**TASK DETAILS:** Write out the stretch of lines below that begins at the line with "#130=ADVANCED_FACE('F37',(#126,#129),#123,.T.);" and ends at the line with "#154=ADVANCED_FACE('F82',(#150,#153),#147,.F.);", including both, exactly as given and nothing more.

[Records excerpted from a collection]
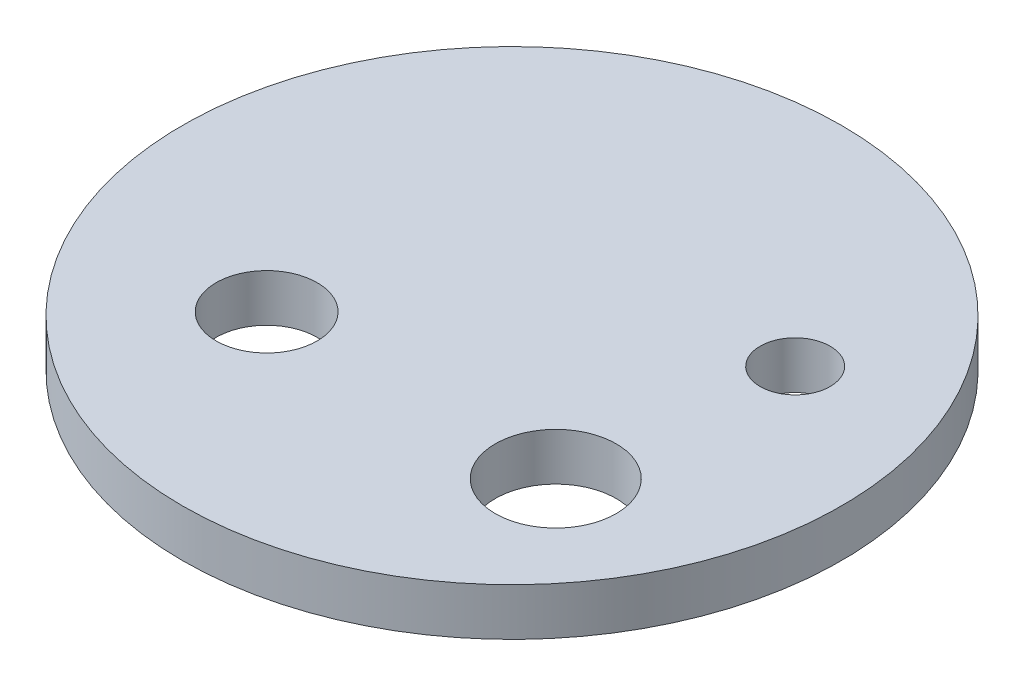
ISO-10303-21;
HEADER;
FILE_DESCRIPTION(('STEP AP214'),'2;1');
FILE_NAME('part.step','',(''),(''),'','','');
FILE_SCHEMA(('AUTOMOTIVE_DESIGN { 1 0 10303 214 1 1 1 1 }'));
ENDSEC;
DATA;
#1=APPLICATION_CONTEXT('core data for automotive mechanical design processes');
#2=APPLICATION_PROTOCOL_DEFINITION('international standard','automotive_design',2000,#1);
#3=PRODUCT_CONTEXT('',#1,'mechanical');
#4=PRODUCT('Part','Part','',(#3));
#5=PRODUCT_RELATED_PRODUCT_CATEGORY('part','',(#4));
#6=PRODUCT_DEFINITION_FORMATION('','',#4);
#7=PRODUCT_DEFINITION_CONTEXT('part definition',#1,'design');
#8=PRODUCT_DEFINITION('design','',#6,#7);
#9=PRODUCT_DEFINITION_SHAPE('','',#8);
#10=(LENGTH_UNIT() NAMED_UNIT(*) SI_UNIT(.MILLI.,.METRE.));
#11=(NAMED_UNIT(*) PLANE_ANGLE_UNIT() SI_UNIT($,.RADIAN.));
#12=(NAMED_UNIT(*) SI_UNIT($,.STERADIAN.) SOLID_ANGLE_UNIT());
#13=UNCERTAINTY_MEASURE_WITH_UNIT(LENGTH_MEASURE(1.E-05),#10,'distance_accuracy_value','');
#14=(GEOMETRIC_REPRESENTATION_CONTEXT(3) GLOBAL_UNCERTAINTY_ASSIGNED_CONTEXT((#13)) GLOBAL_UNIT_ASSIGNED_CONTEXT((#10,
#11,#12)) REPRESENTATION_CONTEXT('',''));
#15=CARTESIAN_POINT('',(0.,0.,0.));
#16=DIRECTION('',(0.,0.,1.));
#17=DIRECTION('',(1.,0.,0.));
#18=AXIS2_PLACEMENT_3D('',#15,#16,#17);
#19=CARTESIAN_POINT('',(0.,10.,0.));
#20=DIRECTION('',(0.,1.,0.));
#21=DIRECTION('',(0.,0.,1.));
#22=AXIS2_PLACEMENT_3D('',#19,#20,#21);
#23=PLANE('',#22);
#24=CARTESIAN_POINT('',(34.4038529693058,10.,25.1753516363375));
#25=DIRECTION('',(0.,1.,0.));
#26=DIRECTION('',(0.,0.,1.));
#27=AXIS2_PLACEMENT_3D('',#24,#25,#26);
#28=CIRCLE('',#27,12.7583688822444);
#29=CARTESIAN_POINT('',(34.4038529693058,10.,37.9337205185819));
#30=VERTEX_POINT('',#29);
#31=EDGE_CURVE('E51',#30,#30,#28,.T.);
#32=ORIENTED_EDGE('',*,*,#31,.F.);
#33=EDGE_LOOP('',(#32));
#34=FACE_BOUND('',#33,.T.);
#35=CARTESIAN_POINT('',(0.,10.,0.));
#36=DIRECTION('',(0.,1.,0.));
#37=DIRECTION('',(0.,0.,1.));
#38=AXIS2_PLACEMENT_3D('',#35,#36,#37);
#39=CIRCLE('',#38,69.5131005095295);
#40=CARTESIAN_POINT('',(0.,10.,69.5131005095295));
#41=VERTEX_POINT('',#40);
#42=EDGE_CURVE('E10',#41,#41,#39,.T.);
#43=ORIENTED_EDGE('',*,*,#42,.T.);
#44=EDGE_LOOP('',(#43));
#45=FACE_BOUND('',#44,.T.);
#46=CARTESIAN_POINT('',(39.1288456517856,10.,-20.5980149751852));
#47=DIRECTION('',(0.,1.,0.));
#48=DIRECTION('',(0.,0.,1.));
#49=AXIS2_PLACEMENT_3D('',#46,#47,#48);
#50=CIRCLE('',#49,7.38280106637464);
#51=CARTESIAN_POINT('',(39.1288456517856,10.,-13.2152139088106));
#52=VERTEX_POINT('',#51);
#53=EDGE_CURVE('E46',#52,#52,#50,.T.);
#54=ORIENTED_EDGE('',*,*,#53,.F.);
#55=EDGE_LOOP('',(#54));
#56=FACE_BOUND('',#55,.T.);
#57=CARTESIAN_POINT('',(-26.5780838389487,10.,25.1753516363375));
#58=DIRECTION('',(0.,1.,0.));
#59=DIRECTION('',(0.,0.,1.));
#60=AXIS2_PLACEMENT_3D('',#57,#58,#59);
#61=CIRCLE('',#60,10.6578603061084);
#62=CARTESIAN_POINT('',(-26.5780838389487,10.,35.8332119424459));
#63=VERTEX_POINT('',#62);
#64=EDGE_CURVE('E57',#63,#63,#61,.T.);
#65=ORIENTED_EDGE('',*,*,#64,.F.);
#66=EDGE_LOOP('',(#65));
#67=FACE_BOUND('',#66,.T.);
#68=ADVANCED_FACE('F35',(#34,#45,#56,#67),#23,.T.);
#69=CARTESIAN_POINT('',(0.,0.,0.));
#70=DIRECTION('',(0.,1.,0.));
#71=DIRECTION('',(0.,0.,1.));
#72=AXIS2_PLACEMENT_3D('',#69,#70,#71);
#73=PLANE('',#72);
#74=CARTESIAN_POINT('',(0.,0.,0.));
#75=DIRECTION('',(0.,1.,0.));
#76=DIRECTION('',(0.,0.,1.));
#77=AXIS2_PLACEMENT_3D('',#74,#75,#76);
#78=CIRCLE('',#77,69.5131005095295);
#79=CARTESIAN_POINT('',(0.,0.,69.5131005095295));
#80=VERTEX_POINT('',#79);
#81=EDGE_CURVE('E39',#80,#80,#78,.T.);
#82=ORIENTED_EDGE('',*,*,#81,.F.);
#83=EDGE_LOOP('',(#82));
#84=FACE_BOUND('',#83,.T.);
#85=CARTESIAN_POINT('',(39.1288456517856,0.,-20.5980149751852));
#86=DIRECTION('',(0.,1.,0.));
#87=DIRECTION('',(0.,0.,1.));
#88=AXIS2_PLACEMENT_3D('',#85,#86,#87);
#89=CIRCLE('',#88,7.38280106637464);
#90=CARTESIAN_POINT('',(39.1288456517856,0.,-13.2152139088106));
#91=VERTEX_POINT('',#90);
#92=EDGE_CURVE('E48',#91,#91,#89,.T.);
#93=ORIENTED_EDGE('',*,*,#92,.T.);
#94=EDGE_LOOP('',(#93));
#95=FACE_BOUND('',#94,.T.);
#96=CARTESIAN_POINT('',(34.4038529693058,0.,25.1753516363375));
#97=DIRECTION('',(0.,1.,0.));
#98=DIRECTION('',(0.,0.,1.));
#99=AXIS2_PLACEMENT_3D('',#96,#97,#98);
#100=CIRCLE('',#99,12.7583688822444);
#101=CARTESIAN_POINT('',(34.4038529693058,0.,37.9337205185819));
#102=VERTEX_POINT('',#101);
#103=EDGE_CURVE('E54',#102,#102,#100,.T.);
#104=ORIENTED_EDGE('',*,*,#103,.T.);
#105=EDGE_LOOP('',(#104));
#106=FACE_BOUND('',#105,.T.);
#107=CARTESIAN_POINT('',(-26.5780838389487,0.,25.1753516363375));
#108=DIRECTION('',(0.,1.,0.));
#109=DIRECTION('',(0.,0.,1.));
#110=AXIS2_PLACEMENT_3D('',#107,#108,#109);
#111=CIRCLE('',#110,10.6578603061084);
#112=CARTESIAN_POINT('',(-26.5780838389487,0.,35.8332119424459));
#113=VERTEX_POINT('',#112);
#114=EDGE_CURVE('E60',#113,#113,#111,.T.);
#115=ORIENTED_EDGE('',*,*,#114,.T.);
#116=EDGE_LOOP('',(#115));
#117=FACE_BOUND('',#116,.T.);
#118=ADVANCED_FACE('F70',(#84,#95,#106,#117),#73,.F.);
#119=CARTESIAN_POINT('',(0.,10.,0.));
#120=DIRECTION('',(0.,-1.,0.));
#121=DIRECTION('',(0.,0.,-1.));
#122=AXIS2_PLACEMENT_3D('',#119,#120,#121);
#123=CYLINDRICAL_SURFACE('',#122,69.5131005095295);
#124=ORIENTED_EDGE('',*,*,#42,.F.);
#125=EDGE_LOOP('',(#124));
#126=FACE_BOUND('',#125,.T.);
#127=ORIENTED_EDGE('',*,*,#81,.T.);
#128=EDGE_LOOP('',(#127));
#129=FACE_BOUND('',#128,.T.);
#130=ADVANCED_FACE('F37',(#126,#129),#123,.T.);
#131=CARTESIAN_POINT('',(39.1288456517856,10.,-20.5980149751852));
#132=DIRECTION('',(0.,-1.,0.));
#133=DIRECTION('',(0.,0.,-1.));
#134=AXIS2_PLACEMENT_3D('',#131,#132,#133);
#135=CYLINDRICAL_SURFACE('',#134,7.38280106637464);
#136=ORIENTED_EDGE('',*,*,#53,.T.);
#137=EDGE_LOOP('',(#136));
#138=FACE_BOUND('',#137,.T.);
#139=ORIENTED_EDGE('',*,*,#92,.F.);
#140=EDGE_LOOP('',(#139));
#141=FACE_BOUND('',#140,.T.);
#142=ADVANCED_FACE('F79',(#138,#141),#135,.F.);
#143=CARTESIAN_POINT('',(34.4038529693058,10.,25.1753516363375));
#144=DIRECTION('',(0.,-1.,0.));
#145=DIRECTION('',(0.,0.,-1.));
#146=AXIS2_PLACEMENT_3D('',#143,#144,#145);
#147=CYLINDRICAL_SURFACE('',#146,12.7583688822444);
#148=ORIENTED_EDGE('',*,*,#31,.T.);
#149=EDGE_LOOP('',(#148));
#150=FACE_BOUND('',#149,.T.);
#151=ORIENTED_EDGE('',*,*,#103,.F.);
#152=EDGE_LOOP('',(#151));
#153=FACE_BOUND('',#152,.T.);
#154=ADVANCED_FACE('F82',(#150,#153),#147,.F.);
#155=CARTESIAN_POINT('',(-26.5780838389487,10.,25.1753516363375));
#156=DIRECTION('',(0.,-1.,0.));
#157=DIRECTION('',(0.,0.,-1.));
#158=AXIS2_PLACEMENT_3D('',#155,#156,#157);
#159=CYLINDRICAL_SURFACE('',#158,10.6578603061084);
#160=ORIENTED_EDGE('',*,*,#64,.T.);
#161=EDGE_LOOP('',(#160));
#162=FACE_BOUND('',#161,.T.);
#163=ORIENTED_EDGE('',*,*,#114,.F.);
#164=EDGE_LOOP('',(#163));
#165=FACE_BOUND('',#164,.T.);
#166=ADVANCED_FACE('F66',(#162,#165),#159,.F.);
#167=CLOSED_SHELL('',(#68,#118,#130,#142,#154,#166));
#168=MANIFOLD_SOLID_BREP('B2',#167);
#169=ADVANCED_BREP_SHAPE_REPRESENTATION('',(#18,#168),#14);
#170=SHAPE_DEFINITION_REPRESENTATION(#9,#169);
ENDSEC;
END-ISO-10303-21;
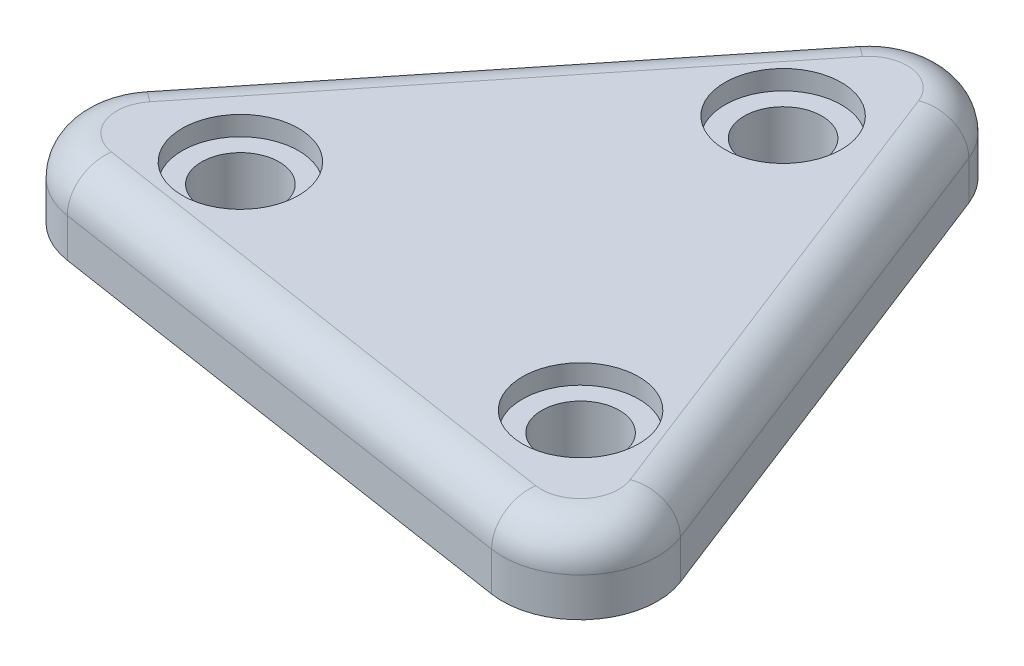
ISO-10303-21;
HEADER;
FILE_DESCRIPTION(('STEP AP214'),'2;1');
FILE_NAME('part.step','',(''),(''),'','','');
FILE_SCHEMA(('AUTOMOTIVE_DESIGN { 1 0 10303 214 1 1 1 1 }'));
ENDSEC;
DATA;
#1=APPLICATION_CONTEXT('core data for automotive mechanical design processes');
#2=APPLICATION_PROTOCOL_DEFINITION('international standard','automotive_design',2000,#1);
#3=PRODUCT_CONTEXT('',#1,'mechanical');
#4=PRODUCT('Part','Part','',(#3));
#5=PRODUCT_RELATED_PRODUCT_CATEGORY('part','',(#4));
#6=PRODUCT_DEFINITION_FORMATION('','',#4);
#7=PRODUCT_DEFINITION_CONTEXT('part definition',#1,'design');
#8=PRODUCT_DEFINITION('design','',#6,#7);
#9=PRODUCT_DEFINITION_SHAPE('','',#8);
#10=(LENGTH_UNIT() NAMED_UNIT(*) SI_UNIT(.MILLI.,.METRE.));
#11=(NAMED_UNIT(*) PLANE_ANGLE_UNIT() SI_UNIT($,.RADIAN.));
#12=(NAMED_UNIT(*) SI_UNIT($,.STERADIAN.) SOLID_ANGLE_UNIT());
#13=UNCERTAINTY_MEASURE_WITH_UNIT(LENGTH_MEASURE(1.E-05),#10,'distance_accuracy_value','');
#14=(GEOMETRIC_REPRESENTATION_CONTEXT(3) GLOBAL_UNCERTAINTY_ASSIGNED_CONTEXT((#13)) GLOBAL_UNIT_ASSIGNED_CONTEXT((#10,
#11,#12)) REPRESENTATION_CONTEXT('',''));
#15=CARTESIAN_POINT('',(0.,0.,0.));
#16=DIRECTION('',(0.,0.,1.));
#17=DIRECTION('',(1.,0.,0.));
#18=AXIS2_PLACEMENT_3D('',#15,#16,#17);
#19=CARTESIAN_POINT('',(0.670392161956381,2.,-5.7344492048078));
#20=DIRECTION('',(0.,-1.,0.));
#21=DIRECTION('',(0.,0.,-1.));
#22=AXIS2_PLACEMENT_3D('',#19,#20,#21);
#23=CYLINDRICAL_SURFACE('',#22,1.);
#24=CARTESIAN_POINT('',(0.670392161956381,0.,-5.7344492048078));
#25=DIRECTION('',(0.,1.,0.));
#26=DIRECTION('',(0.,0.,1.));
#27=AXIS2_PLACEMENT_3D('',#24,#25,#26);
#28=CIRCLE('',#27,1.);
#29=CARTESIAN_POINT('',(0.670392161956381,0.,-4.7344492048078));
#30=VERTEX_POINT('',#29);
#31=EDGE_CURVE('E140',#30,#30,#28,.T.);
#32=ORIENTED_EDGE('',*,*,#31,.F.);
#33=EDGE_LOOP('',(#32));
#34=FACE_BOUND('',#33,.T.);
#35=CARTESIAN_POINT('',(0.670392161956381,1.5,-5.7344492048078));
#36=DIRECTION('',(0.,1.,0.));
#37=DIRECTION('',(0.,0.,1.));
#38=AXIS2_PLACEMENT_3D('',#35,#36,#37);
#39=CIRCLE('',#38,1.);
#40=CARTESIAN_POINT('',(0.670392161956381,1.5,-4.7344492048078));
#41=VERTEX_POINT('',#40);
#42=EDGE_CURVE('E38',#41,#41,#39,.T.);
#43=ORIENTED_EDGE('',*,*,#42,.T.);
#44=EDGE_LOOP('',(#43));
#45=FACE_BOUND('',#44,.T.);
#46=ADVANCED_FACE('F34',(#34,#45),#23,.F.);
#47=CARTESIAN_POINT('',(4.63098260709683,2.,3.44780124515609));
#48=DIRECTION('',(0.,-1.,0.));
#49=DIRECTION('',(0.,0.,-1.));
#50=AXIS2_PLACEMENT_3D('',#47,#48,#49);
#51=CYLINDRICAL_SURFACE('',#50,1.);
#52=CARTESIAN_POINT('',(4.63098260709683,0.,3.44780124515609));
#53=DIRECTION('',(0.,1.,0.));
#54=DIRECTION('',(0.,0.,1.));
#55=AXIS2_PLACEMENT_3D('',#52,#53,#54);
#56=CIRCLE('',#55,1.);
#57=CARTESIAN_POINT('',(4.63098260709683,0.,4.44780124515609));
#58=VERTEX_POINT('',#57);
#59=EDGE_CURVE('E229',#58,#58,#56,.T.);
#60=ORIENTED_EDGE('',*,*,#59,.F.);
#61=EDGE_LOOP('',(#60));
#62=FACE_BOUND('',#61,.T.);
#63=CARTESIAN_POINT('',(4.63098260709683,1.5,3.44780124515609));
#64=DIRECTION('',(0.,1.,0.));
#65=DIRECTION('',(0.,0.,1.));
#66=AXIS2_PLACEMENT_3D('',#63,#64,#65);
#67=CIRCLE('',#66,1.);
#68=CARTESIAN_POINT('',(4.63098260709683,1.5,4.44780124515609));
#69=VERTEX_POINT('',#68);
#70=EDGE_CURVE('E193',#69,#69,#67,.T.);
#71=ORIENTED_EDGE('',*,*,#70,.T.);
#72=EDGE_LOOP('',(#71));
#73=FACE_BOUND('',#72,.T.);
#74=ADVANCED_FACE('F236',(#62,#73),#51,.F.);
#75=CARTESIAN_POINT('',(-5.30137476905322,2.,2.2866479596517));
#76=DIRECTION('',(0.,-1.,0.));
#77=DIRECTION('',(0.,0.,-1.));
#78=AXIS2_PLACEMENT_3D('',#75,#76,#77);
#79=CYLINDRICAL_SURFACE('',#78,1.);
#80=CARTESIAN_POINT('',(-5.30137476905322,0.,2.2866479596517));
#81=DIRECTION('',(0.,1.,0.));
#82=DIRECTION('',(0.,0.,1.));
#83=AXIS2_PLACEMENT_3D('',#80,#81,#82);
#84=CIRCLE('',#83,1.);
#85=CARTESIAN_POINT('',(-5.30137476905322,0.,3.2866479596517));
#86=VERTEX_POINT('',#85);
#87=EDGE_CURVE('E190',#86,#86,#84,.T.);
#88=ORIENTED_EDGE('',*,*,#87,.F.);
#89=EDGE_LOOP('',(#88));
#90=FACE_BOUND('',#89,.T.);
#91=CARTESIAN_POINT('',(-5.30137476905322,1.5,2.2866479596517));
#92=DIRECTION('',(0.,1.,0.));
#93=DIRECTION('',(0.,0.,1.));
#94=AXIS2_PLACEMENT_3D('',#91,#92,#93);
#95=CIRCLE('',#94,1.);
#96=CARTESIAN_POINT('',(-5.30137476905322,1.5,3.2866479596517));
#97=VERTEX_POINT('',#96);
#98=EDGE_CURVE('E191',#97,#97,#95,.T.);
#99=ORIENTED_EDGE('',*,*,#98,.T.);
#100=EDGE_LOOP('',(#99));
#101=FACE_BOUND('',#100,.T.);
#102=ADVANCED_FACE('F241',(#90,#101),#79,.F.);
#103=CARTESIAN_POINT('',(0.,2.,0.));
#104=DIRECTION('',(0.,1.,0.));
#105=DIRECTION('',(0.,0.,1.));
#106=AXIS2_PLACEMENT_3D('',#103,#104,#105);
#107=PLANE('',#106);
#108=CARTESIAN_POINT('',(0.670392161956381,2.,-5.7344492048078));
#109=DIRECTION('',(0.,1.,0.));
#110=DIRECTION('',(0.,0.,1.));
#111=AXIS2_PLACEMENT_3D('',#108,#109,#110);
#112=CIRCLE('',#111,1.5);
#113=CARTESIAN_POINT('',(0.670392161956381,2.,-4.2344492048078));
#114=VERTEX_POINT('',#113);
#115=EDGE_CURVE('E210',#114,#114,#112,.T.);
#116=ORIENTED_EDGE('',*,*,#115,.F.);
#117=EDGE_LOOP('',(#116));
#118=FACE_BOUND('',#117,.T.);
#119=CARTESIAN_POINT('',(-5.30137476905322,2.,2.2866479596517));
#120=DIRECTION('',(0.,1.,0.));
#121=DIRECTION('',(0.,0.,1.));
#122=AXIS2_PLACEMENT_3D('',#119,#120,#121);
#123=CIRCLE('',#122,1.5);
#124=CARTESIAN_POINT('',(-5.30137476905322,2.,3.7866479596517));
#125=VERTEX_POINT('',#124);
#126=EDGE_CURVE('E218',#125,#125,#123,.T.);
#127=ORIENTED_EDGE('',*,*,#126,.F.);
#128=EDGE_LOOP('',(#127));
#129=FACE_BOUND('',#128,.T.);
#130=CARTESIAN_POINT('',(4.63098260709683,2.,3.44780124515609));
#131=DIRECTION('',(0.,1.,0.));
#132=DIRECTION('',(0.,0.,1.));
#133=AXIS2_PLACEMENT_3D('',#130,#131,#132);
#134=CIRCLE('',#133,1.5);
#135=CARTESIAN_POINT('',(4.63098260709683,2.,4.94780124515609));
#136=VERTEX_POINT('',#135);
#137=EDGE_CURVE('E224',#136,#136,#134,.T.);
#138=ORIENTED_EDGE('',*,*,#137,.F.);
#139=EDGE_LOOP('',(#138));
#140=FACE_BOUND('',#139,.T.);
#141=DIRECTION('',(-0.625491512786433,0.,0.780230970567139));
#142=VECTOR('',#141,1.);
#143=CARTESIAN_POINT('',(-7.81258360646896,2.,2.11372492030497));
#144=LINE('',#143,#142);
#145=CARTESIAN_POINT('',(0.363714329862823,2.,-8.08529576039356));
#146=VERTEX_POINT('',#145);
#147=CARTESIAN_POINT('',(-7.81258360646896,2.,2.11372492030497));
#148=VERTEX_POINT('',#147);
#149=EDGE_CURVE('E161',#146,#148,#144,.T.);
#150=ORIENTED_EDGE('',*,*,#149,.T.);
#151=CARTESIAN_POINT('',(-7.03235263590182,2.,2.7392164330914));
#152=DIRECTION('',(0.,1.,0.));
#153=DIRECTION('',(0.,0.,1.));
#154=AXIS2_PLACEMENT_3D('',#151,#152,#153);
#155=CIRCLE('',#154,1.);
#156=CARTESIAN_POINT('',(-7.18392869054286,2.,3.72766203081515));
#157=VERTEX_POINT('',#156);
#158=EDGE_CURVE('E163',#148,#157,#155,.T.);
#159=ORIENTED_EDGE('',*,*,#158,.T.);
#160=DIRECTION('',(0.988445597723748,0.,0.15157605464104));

**RESPONSE TO THE TASK:**
#130=ADVANCED_FACE('F37',(#126,#129),#123,.T.);
#131=CARTESIAN_POINT('',(39.1288456517856,10.,-20.5980149751852));
#132=DIRECTION('',(0.,-1.,0.));
#133=DIRECTION('',(0.,0.,-1.));
#134=AXIS2_PLACEMENT_3D('',#131,#132,#133);
#135=CYLINDRICAL_SURFACE('',#134,7.38280106637464);
#136=ORIENTED_EDGE('',*,*,#53,.T.);
#137=EDGE_LOOP('',(#136));
#138=FACE_BOUND('',#137,.T.);
#139=ORIENTED_EDGE('',*,*,#92,.F.);
#140=EDGE_LOOP('',(#139));
#141=FACE_BOUND('',#140,.T.);
#142=ADVANCED_FACE('F79',(#138,#141),#135,.F.);
#143=CARTESIAN_POINT('',(34.4038529693058,10.,25.1753516363375));
#144=DIRECTION('',(0.,-1.,0.));
#145=DIRECTION('',(0.,0.,-1.));
#146=AXIS2_PLACEMENT_3D('',#143,#144,#145);
#147=CYLINDRICAL_SURFACE('',#146,12.7583688822444);
#148=ORIENTED_EDGE('',*,*,#31,.T.);
#149=EDGE_LOOP('',(#148));
#150=FACE_BOUND('',#149,.T.);
#151=ORIENTED_EDGE('',*,*,#103,.F.);
#152=EDGE_LOOP('',(#151));
#153=FACE_BOUND('',#152,.T.);
#154=ADVANCED_FACE('F82',(#150,#153),#147,.F.);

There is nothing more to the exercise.